The Montreal Canadiens may have lost one of their top young players and a potential top-six centre after declining to match the $6.1 million offer sheet tendered to Jesperi Kotkaniemi by the Carolina Hurricanes, but they used their compensation to trade for a player who is better suited to fill that role now and for the foreseeable future. Here are a few cool things to know about Christian Dvorak, Montreal’s newest acquisition.
He Can Play in All Situations
The 25-year-old, who has four years remaining on his contract which carries an average annual value of $4.45 million, is a versatile centre who plays a solid two-way game and can also pack an offensive punch. Last season with the Arizona Coyotes, Dvorak put up 17 goals and 31 points in 56 games. He also won 52.1% of his faceoffs and averaged 18:24 of ice time per game. Eight of his 17 goals came with the man advantage and four were game-winners.
On the power play, Dvorak gives the Habs a new weapon from the slot thanks to his size and potent shot to go along with the likes of Cole Caufield and Mike Hoffman who will be firing pucks from both faceoff circles. A triple threat they haven’t had in some time.
“He’s not going to be the player that’s going to wow you but his detail to the game is very good, he plays an honest game, he’s a natural centre. There’s a lot to like about Christian Dvorak,” said Canadiens general manager Marc Bergevin.
He’s All Business on and off the Ice
Dvorak spoke with the Montreal media on Monday for the first time since the trade and it was somewhat striking to hear how matter of fact and straight to the point his answers were. He is very aware of the type of player he is, both his strengths and weaknesses and what he wants to do to improve.
It’s more of the same on the ice. His goal celebrations are subdued, and he approaches every game with a workman-like attitude, similar to Patrice Bergeron, the player he models his game after.
“The one thing about him that people probably don’t know is he’s a very competitive, quiet sort of leadership guy. He doesn’t get a lot of credit for that because he’s quiet, but he’s very competitive. He’s not going to play necessarily with tons of physicality, but he’s got a lot of jam, and he’ll go to the net, and he’ll take a punch in front of the net if he has to,” a Western-based scout told Sportsnet reporter Eric Engels.
He Had a Prolific Junior Career in London
Dvorak made a name for himself in the Ontario Hockey League (OHL) with the London Knights. Playing alongside Mitch Marner and Matthew Tkachuk, he put up 109 points (41 goals, 68 assists) in 66 games during the 2014-14 season. As captain of the Knights the following season, he amassed 121 points in 59 games, including a league-leading 52 goals, and led his team to a Memorial Cup title.
He also played one year with his new Habs teammate, Josh Anderson, while in London. At the 2016 IIHF World Junior Championship, the Illinois native scored eight points in seven games to help the United States finish third in the tournament.

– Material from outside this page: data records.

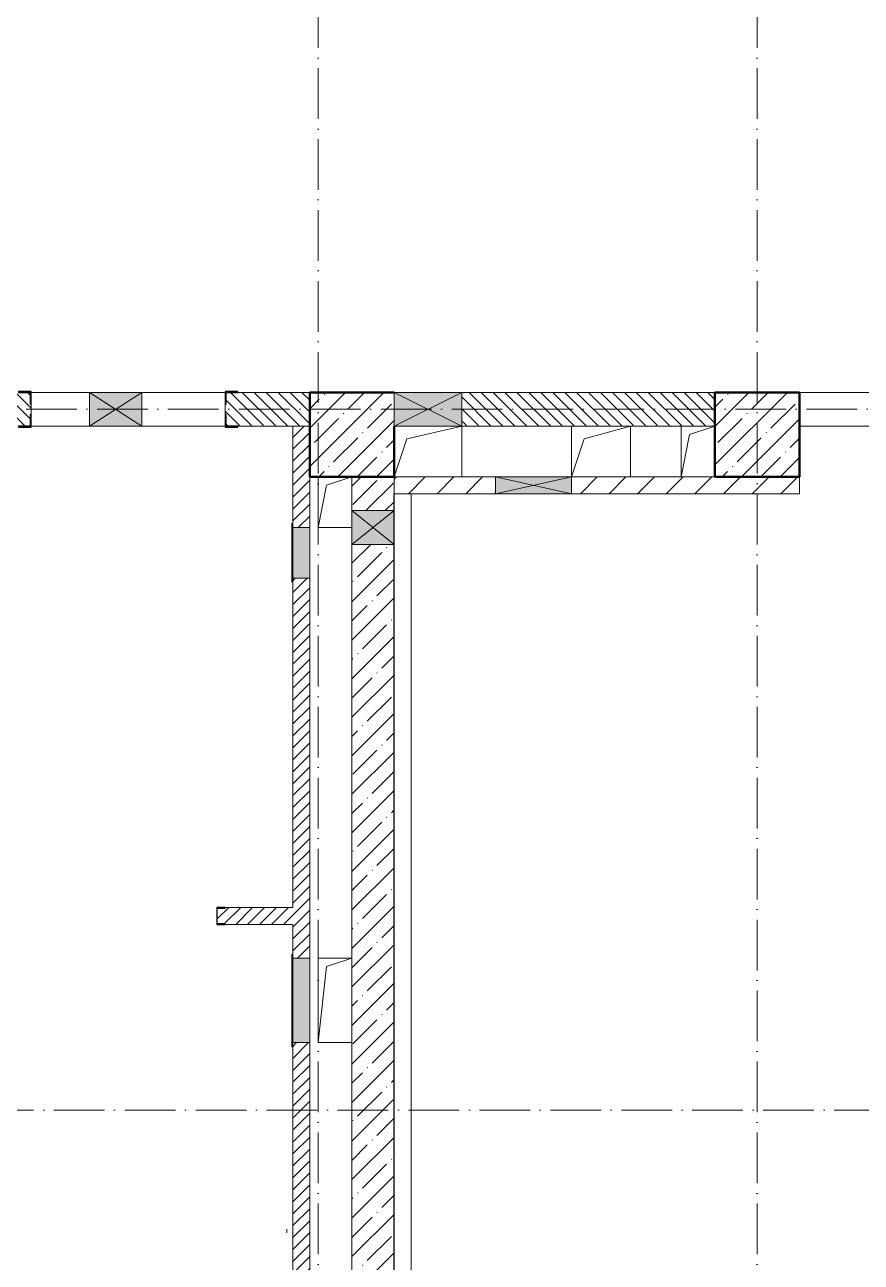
# Model space of a CAD drawing. Header units: millimetres. Extents: x -213536 to 1564669, y -45299 to 942238.
# Drawn here: x 562434 to 567388, y 287212 to 294539 of the extents above; entities that cross this region are included whole.
import ezdxf

# ---------------------------------------------------------------- set-up
doc = ezdxf.new("R2010")
doc.units = ezdxf.units.MM
doc.linetypes.add('50_200_ШТРИХ_1Т_ш5_п1_п1_', pattern=[700, 500, -100, 0, -100])
for name, color, linetype, lineweight in [('3) ЖБ 4м', 3, 'Continuous', 30), ('A-DETL-____-OTLN-4', 7, 'Continuous', 18), ('A-DETL-GENF-OTLN', 7, 'Continuous', 9), ('A-FLOR-____-OTLN', 7, 'Continuous', 9), ('A-GENM-____-MCUT', 7, 'Continuous', 25), ('A-GENM-____-OTLN', 7, 'Continuous', 9), ('A-GENM-____-OTLN-1', 7, 'Continuous', 25), ('A-GLAZ-____-OTLN', 7, 'Continuous', 9), ('A-WALL-____-MCUT-1', 7, 'Continuous', 9), ('A-WALL-____-MCUT-3', 7, 'Continuous', 9), ('A-WALL-____-PATT-1', 7, 'Continuous', 9), ('A-WALL-FNSH-MCUT-1', 7, 'Continuous', 9), ('I-WALL-____-OTLN', 7, 'Continuous', 9), ('S-COLS-____-MCUT', 7, 'Continuous', 50), ('S-COLS-____-OTLN', 7, 'Continuous', 9), ('S-GRID-____-OTLN-1', 7, '50_200_ШТРИХ_1Т_ш5_п1_п1_', 9)]:
    doc.layers.add(name, color=color, linetype=linetype, lineweight=lineweight)
doc.layers.add('A-GLAZ-____-OTLN-1', color=7, linetype='Continuous', lineweight=9, true_color=0xc0c0c0)
pattern_1 = [(135, (549721.475, 286281.11), (-35.35534, -35.35534), [])]
pattern_2 = [(45, (549721.475, 286281.11), (-35.35534, 35.35534), [])]

# ---------------------------------------------------------------- blocks, each defined once
blk = doc.blocks.new('BSC_Колонна _Прямоугольная - 500х500-V68-АР1_План отверстий 3 этажа в осях 1-64_А-ГГ')
at = {"layer": 'S-COLS-____-OTLN'}
h = blk.add_hatch(dxfattribs=at)
h.set_pattern_fill('FP_105', color=256, style=0, pattern_type=2)
h.set_pattern_definition([(45, (-14650, -5831.04), (-114.0493, 114.0493), []), (45, (-14535.95, -5831.04), (-114.0493, 114.0493), [201.612, -40.322, 3.353, -36.97])])
h.paths.add_polyline_path([(-250, -250), (250, -250), (250, 250), (-250, 250), (-250, 50)], flags=0)
at = {"layer": 'S-COLS-____-MCUT'}
for p, q in [((250, 250), (-250, 250)), ((-250, 250), (-250, -250)), ((250, -250), (250, 50)), ((-250, -250), (250, -250))]:
    blk.add_line(p, q, dxfattribs=at)
blk = doc.blocks.new('BSC_Колонна _Прямоугольная - 500х500-V148-АР1_План отверстий 3 этажа в осях 1-64_А-ГГ')
at = {"layer": 'S-COLS-____-OTLN'}
h = blk.add_hatch(dxfattribs=at)
h.set_pattern_fill('FP_171', color=256, style=0, pattern_type=2)
h.set_pattern_definition([(45, (-17050, -5831.04), (-114.0493, 114.0493), []), (45, (-16935.95, -5831.04), (-114.0493, 114.0493), [201.612, -40.322, 3.353, -36.97])])
h.paths.add_polyline_path([(-250, -250), (250, -250), (250, 250), (-250, 250)], flags=0)
at = {"layer": 'S-COLS-____-MCUT'}
for p, q in [((250, 250), (-250, 250)), ((-250, 250), (-250, -250)), ((250, -250), (250, 250)), ((-250, -250), (250, -250))]:
    blk.add_line(p, q, dxfattribs=at)
blk = doc.blocks.new('АР_Перемычка - АР_Перемычка-28712478-АР1_План отверстий 3 этажа в осях 1-64_А-ГГ')
at = {"layer": 'A-GENM-____-OTLN'}
blk.add_line((0, -100), (8, -100), dxfattribs=at)
blk = doc.blocks.new('154_Стойка_СКБ_Уголок - СМ-2180_200-28268025-АР1_План отверстий 3 этажа в осях 1-64_А-ГГ')
at = {"layer": 'A-GENM-____-MCUT'}
for p, q in [((125, 156), (125, 81)), ((200, 156), (125, 156)), ((131, 81), (131, 150)), ((131, 150), (200, 150)), ((200, 150), (200, 156)), ((125, 81), (131, 81)), ((131, 19), (125, 19)), ((125, 19), (125, -56)), ((131, -50), (131, 19)), ((125, -56), (200, -56)), ((200, -50), (131, -50)), ((200, -56), (200, -50))]:
    blk.add_line(p, q, dxfattribs=at)
blk = doc.blocks.new('154_Фахверк_СКБ_Швеллер - Тип_100_3960-28331862-АР1_План отверстий 3 этажа в осях 1-64_А-ГГ')
at = {"layer": 'A-GENM-____-MCUT'}
for p, q in [((175, 50), (125, 50)), ((125, 50), (125, -50)), ((128, 47), (175, 47)), ((128, -47), (128, 47)), ((175, 47), (175, 50)), ((125, -50), (175, -50)), ((175, -47), (128, -47)), ((175, -50), (175, -47))]:
    blk.add_line(p, q, dxfattribs=at)
blk = doc.blocks.new('AR_Отверстие Ниша - Лючок-32406138-АР1_План отверстий 3 этажа в осях 1-64_А-ГГ')
at = {"layer": 'A-GLAZ-____-OTLN'}
blk.add_hatch(color=256, dxfattribs=at).paths.add_polyline_path([(150, -50), (150, 50), (-150, 50), (-150, -50)], flags=0)
for p, q in [((150, 50), (-150, 50)), ((-150, 50), (-150, -50)), ((150, -50), (150, 50)), ((-150, -50), (150, -50))]:
    blk.add_line(p, q, dxfattribs=at)
blk = doc.blocks.new('Л_Общий_Лючок - Лючок-29683982-АР1_План отверстий 3 этажа в осях 1-64_А-ГГ')
at = {"layer": 'A-GLAZ-____-OTLN-1'}
blk.add_hatch(color=256, dxfattribs=at).paths.add_polyline_path([(-24, 0), (324, 0), (324, 6), (-24, 6)], flags=0)
at = {"layer": 'A-GLAZ-____-OTLN'}
for p, q in [((324, 6), (-24, 6)), ((-24, 6), (-24, 0)), ((324, 6), (324, 0))]:
    blk.add_line(p, q, dxfattribs=at)
blk = doc.blocks.new('AR_Отверстие Ниша - Лючок-32406110-АР1_План отверстий 3 этажа в осях 1-64_А-ГГ')
at = {"layer": 'A-GLAZ-____-OTLN'}
blk.add_hatch(color=256, dxfattribs=at).paths.add_polyline_path([(250, -50), (250, 50), (-250, 50), (-250, -50)], flags=0)
for p, q in [((250, 50), (-250, 50)), ((-250, 50), (-250, -50)), ((250, -50), (250, 50)), ((-250, -50), (250, -50))]:
    blk.add_line(p, q, dxfattribs=at)
blk = doc.blocks.new('Л_Общий_Лючок - Лючок-29741375-АР1_План отверстий 3 этажа в осях 1-64_А-ГГ')
at = {"layer": 'A-GLAZ-____-OTLN-1'}
blk.add_hatch(color=256, dxfattribs=at).paths.add_polyline_path([(-24, 0), (524, 0), (524, 6), (-24, 6)], flags=0)
at = {"layer": 'A-GLAZ-____-OTLN'}
for p, q in [((524, 6), (-24, 6)), ((-24, 6), (-24, 0)), ((524, 6), (524, 0))]:
    blk.add_line(p, q, dxfattribs=at)
blk = doc.blocks.new('AR_Отверстие прямоугольное _в плите_ - AR_Отверстие прямоугольное _в плите_-V170-АР1_План отверстий 3 этажа в осях 1-64_А-ГГ')
at = {"layer": 'A-GENM-____-OTLN'}
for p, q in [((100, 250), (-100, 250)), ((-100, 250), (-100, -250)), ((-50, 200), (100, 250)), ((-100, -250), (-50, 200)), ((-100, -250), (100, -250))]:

His junior prowess enticed the Coyotes to select him in the second round (no. 58) of the 2014 NHL Entry Draft.
A Canadiens Trade Parallel
The Dvorak acquisition has eerily similar traits to the 2018 trade that brought Max Domi to the Canadiens from Arizona in exchange for Alex Galchenyuk. Galchenyuk, a former no. 3 overall pick by the Habs just like Kotkaniemi, struggled to establish himself in Montreal despite showcasing flashes of his talent and upside, was traded for Domi, a former London Knight and a more proven NHL commodity just like Dvorak.
“They love their hockey there in Montreal we all know that. The fans love the team a bunch, so definitely very excited to get up there and help them win some hockey games,” said Dvorak.
While Dvorak and Kotkaniemi weren’t traded one-for-one, the parallels between the two scenarios are evident.
While it’s tough for fans to see the Canadiens walk away from Kotkaniemi’s potential so quickly, Dvorak will be a perfect fit with the kind of team that Bergevin has built during his tenure in Montreal. He is underrated by many after spending the first five years of his career away from the spotlight in Arizona. Now, he’s ready to start a new chapter in a hockey market where the spotlight shines brightest with lots of talent to showcase and most importantly, much left to prove.